Search code examples
pythonmachine-learningscikit-learndata-science

How to perform standardization and normalization on features from different feature engineering process?


I'm working with a dataset where each sample contains both numeric and text data. Therefore multiple methods are employed to build the training feature matrix from the dataset. For each sample in the dataset, I construct a vector representation from 3 parts.

  1. Doc2Vec vector representation for paragraph text: I use the gensim implemetation of paragraph vector to encode the text into a 100-D vetors of floats between [-5, 5]

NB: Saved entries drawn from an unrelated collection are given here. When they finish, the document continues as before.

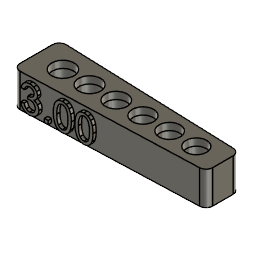
HoleDiaTest3mm_v1 (Autodesk Fusion 360 design; units mm, degrees)
Autodesk Fusion 360 part; units mm, degrees
sketch "Sketch1" plane through (0, 0, 0) normal (0, 0, 1) x (1, 0, 0)
  circle A0 centre (0, 0) radius 1.5
  circle A1 centre (4, 0) radius 1.475
  circle A2 centre (8, 0) radius 1.45
  circle A3 centre (-4, 0) radius 1.525
  circle A4 centre (-8, 0) radius 1.55
  circle A5 centre (-12, 0) radius 1.575
  line L0 (-12, 0) -> (8, 0) construction
  line L1 (8, 0) -> (7.5, 0) construction
  line L2 (-12, 0) -> (-16, 0) construction
  line L3 (8, 0) -> (12, 0) construction
  line L4 (-16, -3.5) -> (-16, 3.5)
  line L5 (12, -2.5) -> (12, 2.5)
  line L6 (12, 2.5) -> (-16, 3.5)
  line L7 (-16, -3.5) -> (12, -2.5)
  dimension "d1" = 3
  dimension "d2" = 2.95
  dimension "d3" = 2.9
  dimension "d4" = 3.05
  dimension "d5" = 3.1
  dimension "d6" = 3.15
  dimension "d7" = 4
  dimension "d8" = 4
  dimension "d10" = 4
  dimension "d11" = 4
  dimension "d25" = 4
  dimension "d29" = 4
  dimension "d30" = 4
  constraint coincident A5.centre L0.start
  constraint coincident A2.centre L0.end
  constraint parallel L0 L1
  constraint parallel L0 L2
  constraint parallel L0 L3
  constraint midpoint L2.end L4
  constraint perpendicular L2 L4
  constraint midpoint L3.end L5
  constraint perpendicular L3 L5
  measures "d1" diameter of A0
  measures "d2" diameter of A1
  measures "d3" diameter of A2
  measures "d4" diameter of A3
  measures "d5" diameter of A4
  measures "d6" diameter of A5
  measures "d7" distance of A4.centre A5.centre
  measures "d8" distance of A3.centre A4.centre
  measures "d10" distance of A0.centre A1.centre
  measures "d11" distance of A1.centre A2.centre
  measures "d25" distance of A0.centre A3.centre
  measures "d29" distance of A5.centre L2.end
  measures "d30" distance of A2.centre L3.end
extrude "Extrude1" add sketch "Sketch1" against normal blind 5
fillet "Fillet2" radius 1 4 edges at (-16, 3.5, -2.5) (-16, -3.5, -2.5) (12, 2.5, -2.5) (12, -2.5, -2.5)
chamfer "Chamfer2" distance 0.1 distance2 1 6 edges at (-13.4684, -0.5695, -5) (-9.4451, -0.5605, -5) (-5.4218, -0.5515, -5) (-1.3985, -0.5424, -5) (2.6248, -0.5334, -5) (6.6481, -0.5243, -5) measured on face at (-15.1917, 0, -5) measured on face at (-15.1917, 0, -5) measured on face at (-15.1917, 0, -5) measured on face at (-15.1917, 0, -5) measured on face at (-15.1917, 0, -5) measured on face at (-15.1917, 0, -5) tangent chain off
chamfer "Chamfer3" distance 1 distance2 0.1 6 edges at (-13.4684, -0.5695, 0) (-9.4451, -0.5605, 0) (-5.4218, -0.5515, 0) (-1.3985, -0.5424, 0) (2.6248, -0.5334, 0) (6.6481, -0.5243, 0) measured on face at (-10.427, -0.0785, -2.6667) measured on face at (-6.4519, -0.0773, -2.6667) measured on face at (-2.4769, -0.076, -2.6667) measured on face at (1.4981, -0.0748, -2.6667) measured on face at (5.4732, -0.0735, -2.6667) measured on face at (9.4482, -0.0723, -2.6667) tangent chain off
sketch "Sketch2" plane through (0.1045, -2.9248, 0) normal (0.035692, -0.999363, 0) x (0.999363, 0.035692, 0)
  line L0 (10.9382, -5) -> (10.9382, 0)
  line L1 (10.9382, 0) -> (-15.0784, 0)
  line L2 (-15.0784, 0) -> (-15.0784, -5)
  line L3 (-15.0784, -5) -> (10.9382, -5)
  line L4 (-14.5, -4.5) -> (7.5, -4.5) construction
  line L5 (7.5, -4.5) -> (7.5, -0.5) construction
  line L6 (7.5, -0.5) -> (-14.5, -0.5) construction
  line L7 (-14.5, -0.5) -> (-14.5, -4.5) construction
  dimension "d37" = 4
  dimension "d38" = 0
  text T0 "3.00" font "Arial" height 4 align left top in box 22 x 4 at (-14.5, -4.5) x (1, 0) y (0, 1) spacing 1.01 kerned
extrude "Extrude3" add sketch "Sketch2" along normal blind 0.5 text T0
equation "d38 = '3.00'"

  2. One-hot encoded vector for text label: Each sample in the dataset has zero or more text label, I aggregate out all of the unique labels used in the dataset and encode it into a binary array containing only 0 and 1. For example, if the complete set of labels is [Python, Java, JavaScript, C++] and a sample contains labels Python and Java, the resulted vector will be [1, 1, 0, 0].

  3. Numeric data & categorical data:

    • Numeric data fields are built into the feature vector as is
    • Categorical data are mapped to integers and built into the feature vector

The resulted feature matrix looks something like below

[
  [-1.02, 1.33, 2.35, -0.48, ... -4.11, 1, 0, 1, 1, 0, 0, ..., 1, 0, 235, 11.5, 333],
  [-0.22, 3.03, 1.95, -0.48, ... -4.11, 0, 1, 1, 1, 0, 0, ..., 0, 0, 233, 22, 333],
  [-2.07, -1.33, -2.35, -0.48, ... -4.11, 1, 1, 0, 1, 1, 0, ..., 1, 1, 102, 13, 333],
  [-4.32, 4.33, 1.75, -0.48, ... -4.11, 0, 0, 0, 1, 0, 1, ..., 1, 0, 98, 8, 333],
]

Should I apply any standardization or normalization on the dataset? If so, should I do it before or after concatenating different parts of feature?

I'm using scikit-learn and the major algorithm I using will be Gradient Boosting.


Solution

  • Yes, you need to process features separately: you should apply standardization or normalization only on the original numerical features, you shouldn't do it for doc2vec, OHE or encoded categorical features.